▶ [Exercise requirements]
Copy nothing but the lines from the opening of the entries through the line that contains "#16=DIRECTION('',(0.,0.,1.));", exactly as written. Drop the pictures.
** Opening Information block **
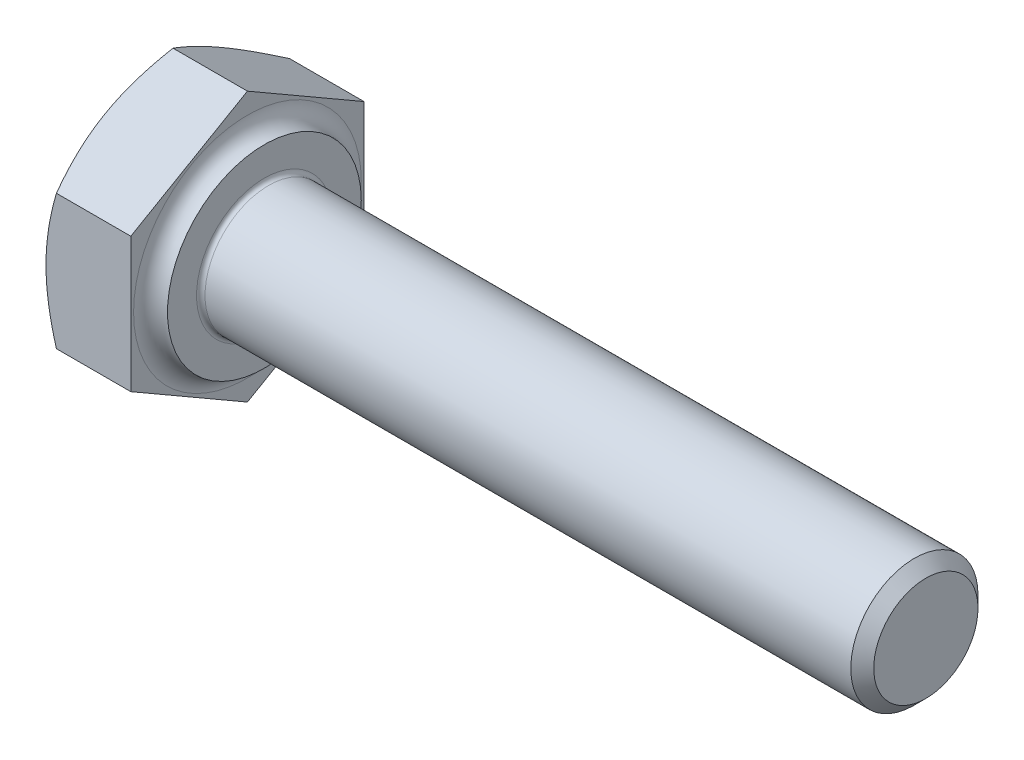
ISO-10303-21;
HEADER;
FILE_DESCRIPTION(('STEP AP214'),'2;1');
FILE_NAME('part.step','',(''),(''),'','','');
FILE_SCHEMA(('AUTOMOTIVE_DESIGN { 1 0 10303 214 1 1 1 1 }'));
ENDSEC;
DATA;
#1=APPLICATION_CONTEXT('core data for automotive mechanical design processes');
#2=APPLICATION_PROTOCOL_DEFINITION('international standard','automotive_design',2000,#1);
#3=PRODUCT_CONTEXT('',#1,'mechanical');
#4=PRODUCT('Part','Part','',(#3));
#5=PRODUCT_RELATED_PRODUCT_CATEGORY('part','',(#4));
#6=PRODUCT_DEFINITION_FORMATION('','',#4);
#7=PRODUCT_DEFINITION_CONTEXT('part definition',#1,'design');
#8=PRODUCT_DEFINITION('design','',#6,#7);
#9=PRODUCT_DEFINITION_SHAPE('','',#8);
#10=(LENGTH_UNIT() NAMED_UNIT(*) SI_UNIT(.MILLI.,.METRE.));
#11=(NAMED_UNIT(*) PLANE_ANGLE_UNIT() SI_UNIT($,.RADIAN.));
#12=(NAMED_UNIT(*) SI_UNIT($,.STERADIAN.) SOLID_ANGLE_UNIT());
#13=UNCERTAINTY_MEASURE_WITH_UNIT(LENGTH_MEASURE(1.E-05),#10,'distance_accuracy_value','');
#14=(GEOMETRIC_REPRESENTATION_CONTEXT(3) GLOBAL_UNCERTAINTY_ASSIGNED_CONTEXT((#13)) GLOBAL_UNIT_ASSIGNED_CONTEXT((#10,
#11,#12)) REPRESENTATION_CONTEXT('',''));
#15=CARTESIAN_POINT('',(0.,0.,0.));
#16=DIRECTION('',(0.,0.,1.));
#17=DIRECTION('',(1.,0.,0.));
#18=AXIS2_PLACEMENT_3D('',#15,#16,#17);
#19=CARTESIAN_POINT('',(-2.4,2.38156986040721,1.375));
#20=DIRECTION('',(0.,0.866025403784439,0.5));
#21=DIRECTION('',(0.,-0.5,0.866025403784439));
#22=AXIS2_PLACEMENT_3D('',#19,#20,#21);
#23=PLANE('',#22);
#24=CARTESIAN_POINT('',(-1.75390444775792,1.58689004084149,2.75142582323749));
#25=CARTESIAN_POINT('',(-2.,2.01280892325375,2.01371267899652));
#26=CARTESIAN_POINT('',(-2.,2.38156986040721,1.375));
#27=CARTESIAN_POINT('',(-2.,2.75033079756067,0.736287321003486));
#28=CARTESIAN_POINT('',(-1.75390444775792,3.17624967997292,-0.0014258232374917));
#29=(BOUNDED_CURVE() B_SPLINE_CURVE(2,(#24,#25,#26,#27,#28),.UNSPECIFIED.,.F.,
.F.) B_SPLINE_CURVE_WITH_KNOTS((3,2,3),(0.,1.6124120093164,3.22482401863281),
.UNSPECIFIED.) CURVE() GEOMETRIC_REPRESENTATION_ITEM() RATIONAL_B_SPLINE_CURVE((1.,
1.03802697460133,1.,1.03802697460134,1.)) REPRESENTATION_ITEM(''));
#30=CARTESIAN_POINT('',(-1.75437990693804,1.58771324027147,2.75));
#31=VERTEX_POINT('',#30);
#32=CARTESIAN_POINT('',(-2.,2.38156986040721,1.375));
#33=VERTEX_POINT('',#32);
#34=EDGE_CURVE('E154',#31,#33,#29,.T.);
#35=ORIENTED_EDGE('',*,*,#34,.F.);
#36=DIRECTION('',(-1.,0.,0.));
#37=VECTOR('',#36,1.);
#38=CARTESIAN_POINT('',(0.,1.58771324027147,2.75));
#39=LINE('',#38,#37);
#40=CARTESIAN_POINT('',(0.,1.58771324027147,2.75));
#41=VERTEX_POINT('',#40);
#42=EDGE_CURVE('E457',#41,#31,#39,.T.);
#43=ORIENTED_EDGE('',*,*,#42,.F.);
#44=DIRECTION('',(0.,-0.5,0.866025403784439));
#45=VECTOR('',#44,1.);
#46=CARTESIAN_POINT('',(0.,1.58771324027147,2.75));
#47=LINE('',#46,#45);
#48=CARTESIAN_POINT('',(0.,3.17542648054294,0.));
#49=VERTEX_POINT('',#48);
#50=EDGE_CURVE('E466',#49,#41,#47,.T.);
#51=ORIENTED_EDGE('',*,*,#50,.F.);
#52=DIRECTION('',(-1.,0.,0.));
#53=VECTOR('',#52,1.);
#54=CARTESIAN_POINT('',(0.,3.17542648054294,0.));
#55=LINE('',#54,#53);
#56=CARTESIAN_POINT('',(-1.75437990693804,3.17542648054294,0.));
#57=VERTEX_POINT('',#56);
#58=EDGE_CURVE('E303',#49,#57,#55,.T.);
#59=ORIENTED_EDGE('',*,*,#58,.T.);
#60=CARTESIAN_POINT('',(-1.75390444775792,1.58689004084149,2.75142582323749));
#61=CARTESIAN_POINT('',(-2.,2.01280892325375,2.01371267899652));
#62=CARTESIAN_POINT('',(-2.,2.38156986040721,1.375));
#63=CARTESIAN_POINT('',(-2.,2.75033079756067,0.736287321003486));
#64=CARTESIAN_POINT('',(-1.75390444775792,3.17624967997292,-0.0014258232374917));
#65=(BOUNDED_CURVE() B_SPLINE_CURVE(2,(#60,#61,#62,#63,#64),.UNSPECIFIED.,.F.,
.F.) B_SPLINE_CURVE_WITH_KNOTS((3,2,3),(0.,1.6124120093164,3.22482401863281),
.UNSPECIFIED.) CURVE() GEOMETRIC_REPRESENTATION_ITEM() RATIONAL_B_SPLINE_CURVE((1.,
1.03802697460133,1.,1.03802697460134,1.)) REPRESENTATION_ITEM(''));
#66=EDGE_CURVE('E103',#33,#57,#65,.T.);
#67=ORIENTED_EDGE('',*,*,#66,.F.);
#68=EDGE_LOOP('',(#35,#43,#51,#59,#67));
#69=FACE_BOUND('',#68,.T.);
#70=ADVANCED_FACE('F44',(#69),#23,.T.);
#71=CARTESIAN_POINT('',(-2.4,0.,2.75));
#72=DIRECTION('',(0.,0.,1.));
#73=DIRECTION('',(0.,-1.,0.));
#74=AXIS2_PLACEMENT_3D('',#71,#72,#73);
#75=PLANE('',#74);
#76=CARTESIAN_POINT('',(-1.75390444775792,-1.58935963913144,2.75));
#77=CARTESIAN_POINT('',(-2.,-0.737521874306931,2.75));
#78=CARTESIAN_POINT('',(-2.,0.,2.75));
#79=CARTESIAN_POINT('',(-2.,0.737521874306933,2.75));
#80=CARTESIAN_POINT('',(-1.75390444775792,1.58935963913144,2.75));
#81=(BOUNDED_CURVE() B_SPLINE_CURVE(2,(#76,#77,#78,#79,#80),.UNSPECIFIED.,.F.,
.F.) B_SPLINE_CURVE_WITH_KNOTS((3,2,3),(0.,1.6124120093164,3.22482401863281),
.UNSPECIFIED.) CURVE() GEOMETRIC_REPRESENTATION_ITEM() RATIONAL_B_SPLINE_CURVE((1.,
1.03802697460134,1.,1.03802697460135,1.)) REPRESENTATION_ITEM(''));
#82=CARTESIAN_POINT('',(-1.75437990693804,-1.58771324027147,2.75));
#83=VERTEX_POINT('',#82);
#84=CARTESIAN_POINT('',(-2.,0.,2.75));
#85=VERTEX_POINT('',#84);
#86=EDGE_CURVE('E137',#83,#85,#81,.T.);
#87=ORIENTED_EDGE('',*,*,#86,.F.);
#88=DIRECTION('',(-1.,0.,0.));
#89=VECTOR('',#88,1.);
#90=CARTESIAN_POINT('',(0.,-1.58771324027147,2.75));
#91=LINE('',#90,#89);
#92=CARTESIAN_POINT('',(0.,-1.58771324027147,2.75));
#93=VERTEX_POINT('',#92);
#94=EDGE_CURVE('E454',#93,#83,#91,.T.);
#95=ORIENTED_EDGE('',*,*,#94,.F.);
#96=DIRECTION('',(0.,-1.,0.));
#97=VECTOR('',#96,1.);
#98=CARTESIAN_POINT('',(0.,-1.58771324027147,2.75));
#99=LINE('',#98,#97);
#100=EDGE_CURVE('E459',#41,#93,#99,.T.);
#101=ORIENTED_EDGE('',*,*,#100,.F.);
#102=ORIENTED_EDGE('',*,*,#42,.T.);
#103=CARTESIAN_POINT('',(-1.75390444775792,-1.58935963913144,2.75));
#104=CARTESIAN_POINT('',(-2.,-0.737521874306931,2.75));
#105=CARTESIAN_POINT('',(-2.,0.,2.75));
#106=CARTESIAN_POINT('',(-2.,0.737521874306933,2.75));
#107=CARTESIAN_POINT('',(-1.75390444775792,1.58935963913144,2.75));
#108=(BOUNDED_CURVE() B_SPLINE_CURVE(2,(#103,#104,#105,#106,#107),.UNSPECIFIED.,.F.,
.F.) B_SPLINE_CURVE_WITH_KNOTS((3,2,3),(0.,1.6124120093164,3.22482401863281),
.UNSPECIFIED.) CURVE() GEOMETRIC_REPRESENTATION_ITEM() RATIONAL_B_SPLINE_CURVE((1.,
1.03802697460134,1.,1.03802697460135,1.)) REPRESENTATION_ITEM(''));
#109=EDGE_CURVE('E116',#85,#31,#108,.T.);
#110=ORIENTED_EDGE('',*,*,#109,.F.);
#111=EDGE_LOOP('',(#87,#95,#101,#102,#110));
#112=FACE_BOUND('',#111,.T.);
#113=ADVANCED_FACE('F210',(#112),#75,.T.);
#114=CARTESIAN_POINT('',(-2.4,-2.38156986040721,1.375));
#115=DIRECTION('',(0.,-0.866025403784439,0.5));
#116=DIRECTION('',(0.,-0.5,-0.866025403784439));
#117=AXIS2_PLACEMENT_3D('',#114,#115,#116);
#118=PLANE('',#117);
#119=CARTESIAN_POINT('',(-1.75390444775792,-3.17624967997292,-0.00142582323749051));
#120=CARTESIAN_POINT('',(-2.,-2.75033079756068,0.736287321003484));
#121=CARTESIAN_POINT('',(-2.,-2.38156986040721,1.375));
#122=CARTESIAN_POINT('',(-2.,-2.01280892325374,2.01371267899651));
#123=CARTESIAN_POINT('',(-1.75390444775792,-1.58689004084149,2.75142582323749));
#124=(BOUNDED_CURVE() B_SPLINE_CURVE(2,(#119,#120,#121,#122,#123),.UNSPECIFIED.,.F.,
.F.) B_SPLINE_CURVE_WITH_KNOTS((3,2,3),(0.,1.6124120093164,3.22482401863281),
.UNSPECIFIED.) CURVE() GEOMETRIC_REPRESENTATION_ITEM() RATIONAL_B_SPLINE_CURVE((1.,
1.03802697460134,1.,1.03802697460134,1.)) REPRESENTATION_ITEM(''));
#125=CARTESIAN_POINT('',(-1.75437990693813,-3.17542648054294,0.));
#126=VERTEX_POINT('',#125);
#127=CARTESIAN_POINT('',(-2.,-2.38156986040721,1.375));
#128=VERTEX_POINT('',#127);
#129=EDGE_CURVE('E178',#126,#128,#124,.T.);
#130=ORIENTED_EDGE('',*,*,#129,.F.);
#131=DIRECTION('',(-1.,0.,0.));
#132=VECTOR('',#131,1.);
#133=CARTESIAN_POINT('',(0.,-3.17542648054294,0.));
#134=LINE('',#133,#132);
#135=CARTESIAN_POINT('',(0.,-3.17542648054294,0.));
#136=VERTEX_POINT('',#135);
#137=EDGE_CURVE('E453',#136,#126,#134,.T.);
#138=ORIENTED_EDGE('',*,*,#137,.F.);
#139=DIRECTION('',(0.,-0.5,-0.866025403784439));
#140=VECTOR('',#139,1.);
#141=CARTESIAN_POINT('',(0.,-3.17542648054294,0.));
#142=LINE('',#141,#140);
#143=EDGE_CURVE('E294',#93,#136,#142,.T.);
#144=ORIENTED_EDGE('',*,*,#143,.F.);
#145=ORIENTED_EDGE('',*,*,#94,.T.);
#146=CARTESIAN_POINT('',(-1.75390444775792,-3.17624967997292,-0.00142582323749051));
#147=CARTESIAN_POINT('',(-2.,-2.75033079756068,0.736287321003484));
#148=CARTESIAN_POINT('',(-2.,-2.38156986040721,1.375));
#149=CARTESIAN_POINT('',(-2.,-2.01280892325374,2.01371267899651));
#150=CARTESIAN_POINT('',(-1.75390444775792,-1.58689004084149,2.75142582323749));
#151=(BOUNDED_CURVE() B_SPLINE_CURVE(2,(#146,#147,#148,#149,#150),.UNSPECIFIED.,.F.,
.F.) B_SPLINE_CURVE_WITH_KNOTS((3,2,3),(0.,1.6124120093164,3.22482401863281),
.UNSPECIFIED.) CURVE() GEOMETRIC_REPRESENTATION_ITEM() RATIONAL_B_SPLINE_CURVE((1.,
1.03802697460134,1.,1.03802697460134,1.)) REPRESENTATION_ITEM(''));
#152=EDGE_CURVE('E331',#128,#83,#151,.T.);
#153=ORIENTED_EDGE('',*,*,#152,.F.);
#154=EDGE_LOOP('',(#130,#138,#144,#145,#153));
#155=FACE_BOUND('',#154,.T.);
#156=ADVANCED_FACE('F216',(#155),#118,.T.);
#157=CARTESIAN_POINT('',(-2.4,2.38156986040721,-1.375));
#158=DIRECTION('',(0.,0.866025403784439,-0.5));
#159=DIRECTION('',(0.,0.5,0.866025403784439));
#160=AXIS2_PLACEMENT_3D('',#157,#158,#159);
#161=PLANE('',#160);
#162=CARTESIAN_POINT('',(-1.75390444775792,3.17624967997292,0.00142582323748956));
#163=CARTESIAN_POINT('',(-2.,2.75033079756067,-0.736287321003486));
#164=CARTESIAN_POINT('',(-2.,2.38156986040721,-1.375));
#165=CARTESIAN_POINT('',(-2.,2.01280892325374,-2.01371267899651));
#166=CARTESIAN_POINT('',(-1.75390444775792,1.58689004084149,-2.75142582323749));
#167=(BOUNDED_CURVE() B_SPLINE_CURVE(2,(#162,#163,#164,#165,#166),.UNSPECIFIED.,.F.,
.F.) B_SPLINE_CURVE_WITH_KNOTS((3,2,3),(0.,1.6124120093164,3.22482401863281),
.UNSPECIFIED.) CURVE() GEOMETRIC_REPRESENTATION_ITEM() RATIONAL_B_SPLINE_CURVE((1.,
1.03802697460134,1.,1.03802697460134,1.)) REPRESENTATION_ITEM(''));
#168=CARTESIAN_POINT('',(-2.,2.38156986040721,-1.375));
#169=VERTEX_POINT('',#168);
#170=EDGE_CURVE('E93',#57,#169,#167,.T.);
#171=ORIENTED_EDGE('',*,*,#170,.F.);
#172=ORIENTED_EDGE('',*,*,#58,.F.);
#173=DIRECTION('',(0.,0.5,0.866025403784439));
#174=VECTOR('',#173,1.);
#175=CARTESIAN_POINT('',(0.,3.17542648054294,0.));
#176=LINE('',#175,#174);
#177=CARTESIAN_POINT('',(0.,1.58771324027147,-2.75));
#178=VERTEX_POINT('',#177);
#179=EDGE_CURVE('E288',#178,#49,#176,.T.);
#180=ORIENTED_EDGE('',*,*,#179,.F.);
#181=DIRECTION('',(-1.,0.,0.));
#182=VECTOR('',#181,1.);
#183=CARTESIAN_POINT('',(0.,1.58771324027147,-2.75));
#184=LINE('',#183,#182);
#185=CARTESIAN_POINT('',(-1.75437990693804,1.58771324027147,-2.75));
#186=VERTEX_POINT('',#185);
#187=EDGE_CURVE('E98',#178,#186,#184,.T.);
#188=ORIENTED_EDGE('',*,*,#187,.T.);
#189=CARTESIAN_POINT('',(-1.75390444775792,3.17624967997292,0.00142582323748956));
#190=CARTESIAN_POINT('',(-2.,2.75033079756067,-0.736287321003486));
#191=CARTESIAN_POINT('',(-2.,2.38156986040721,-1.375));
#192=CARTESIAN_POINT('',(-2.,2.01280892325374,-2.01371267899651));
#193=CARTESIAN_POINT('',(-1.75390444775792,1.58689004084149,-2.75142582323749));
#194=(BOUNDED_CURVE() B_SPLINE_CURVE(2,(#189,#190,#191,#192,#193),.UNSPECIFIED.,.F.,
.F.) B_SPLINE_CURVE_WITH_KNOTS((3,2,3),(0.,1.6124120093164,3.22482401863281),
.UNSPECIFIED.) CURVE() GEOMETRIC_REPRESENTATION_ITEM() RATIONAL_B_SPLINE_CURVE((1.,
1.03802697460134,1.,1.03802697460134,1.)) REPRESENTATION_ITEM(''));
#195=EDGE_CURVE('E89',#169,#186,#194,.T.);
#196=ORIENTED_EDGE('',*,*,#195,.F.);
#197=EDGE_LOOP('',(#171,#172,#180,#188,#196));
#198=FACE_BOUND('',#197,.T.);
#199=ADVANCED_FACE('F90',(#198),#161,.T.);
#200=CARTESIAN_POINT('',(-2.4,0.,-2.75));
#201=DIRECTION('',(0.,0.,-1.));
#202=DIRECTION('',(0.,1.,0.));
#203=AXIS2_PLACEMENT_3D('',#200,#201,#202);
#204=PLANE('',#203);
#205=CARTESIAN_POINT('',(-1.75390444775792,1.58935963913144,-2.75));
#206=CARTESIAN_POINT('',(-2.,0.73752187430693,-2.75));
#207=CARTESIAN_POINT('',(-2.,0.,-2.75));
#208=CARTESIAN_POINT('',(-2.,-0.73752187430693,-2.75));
** Closing Information block **
▶ [Problem solution]
ISO-10303-21;
HEADER;
FILE_DESCRIPTION(('STEP AP214'),'2;1');
FILE_NAME('part.step','',(''),(''),'','','');
FILE_SCHEMA(('AUTOMOTIVE_DESIGN { 1 0 10303 214 1 1 1 1 }'));
ENDSEC;
DATA;
#1=APPLICATION_CONTEXT('core data for automotive mechanical design processes');
#2=APPLICATION_PROTOCOL_DEFINITION('international standard','automotive_design',2000,#1);
#3=PRODUCT_CONTEXT('',#1,'mechanical');
#4=PRODUCT('Part','Part','',(#3));
#5=PRODUCT_RELATED_PRODUCT_CATEGORY('part','',(#4));
#6=PRODUCT_DEFINITION_FORMATION('','',#4);
#7=PRODUCT_DEFINITION_CONTEXT('part definition',#1,'design');
#8=PRODUCT_DEFINITION('design','',#6,#7);
#9=PRODUCT_DEFINITION_SHAPE('','',#8);
#10=(LENGTH_UNIT() NAMED_UNIT(*) SI_UNIT(.MILLI.,.METRE.));
#11=(NAMED_UNIT(*) PLANE_ANGLE_UNIT() SI_UNIT($,.RADIAN.));
#12=(NAMED_UNIT(*) SI_UNIT($,.STERADIAN.) SOLID_ANGLE_UNIT());
#13=UNCERTAINTY_MEASURE_WITH_UNIT(LENGTH_MEASURE(1.E-05),#10,'distance_accuracy_value','');
#14=(GEOMETRIC_REPRESENTATION_CONTEXT(3) GLOBAL_UNCERTAINTY_ASSIGNED_CONTEXT((#13)) GLOBAL_UNIT_ASSIGNED_CONTEXT((#10,
#11,#12)) REPRESENTATION_CONTEXT('',''));
#15=CARTESIAN_POINT('',(0.,0.,0.));
#16=DIRECTION('',(0.,0.,1.));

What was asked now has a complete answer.